DATA FOR PROCESSING:
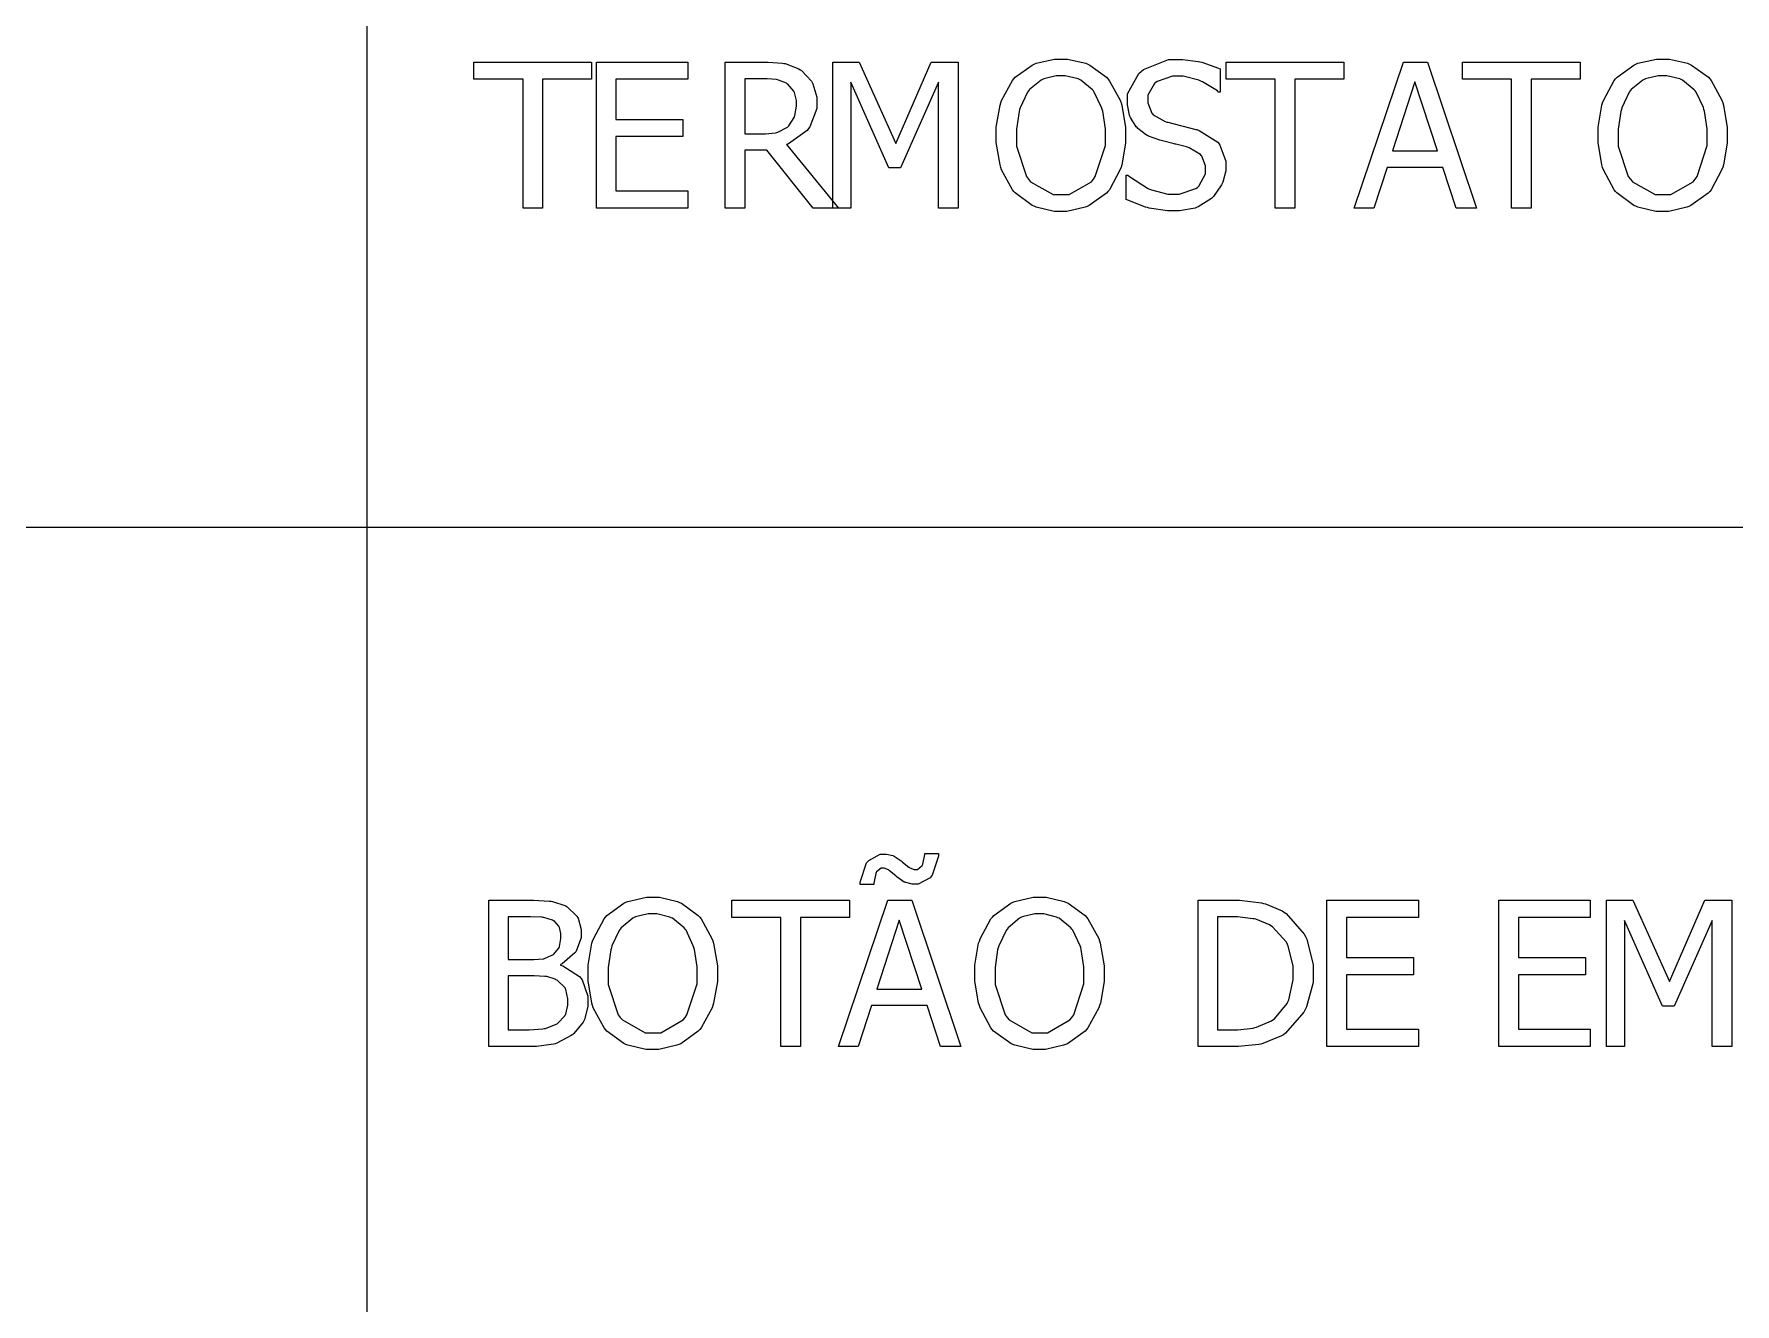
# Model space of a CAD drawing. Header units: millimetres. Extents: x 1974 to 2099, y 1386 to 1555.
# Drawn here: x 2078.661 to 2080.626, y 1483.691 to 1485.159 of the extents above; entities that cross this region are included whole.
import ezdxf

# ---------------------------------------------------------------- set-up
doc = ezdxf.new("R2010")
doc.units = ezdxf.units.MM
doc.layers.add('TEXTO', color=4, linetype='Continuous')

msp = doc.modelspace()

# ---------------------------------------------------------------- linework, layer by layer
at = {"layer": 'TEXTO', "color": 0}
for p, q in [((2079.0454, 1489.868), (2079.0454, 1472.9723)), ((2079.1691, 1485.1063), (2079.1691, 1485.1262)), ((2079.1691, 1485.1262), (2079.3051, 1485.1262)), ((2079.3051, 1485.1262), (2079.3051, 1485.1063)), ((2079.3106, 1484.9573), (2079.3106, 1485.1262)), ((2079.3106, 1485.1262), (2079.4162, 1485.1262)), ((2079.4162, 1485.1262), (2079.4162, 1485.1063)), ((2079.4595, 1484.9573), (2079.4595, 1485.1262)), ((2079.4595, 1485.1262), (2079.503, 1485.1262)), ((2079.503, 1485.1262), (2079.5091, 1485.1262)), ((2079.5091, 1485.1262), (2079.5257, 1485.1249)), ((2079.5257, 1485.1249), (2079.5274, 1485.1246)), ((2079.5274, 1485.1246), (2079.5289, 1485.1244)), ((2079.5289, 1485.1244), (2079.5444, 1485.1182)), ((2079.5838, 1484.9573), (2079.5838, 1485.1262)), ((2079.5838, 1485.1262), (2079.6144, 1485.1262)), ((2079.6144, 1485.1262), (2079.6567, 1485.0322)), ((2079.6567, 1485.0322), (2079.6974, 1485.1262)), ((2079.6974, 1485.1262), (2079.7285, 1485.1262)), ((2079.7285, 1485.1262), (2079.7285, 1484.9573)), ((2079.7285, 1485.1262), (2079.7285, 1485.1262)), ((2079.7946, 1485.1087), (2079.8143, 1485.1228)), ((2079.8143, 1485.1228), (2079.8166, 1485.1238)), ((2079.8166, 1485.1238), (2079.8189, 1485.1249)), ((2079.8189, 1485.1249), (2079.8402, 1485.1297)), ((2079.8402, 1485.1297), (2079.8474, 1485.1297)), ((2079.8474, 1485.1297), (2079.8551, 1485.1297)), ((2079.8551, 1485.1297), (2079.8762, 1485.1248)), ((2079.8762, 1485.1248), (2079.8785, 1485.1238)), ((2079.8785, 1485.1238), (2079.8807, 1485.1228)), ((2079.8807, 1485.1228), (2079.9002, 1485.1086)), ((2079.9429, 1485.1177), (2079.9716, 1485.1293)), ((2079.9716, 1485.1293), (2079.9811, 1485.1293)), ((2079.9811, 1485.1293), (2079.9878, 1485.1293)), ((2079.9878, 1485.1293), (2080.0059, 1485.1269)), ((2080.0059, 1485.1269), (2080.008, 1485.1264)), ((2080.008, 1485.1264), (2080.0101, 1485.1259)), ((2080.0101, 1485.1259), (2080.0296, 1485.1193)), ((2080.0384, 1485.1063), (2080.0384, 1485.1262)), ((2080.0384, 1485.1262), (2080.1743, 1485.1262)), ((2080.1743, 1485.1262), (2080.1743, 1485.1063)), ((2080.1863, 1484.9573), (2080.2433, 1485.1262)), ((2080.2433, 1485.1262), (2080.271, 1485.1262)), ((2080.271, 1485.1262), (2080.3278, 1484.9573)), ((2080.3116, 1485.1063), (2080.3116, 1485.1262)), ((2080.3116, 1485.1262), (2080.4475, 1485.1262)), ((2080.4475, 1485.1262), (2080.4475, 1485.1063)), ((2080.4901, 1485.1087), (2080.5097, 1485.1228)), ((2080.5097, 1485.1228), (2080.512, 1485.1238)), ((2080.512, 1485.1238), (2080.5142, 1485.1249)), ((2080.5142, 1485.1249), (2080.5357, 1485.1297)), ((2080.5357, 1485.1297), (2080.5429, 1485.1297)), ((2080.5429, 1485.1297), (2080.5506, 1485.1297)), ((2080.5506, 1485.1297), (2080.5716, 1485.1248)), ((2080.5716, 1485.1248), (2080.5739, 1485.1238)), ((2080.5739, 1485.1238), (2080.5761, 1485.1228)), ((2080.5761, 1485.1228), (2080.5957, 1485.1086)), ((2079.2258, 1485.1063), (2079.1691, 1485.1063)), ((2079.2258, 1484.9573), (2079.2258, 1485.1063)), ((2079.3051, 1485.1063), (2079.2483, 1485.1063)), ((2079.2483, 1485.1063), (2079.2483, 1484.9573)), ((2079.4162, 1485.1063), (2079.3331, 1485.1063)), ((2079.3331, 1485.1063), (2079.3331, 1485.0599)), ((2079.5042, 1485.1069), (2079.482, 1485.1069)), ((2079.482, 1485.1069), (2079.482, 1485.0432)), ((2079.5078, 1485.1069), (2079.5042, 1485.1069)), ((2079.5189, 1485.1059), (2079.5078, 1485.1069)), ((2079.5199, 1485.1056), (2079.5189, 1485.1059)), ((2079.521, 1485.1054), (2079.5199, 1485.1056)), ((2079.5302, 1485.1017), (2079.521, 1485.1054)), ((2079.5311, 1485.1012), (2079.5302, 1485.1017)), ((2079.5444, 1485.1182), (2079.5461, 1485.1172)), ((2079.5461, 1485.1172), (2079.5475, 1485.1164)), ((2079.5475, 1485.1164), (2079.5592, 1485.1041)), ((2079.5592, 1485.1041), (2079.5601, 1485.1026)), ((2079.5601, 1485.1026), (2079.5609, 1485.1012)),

GOAL OF THE EXERCISE:
Copy every line of the entries in which "color" can be found.

SOLUTION FOR THIS TASK:
doc.layers.add('TEXTO', color=4, linetype='Continuous')
at = {"layer": 'TEXTO', "color": 0}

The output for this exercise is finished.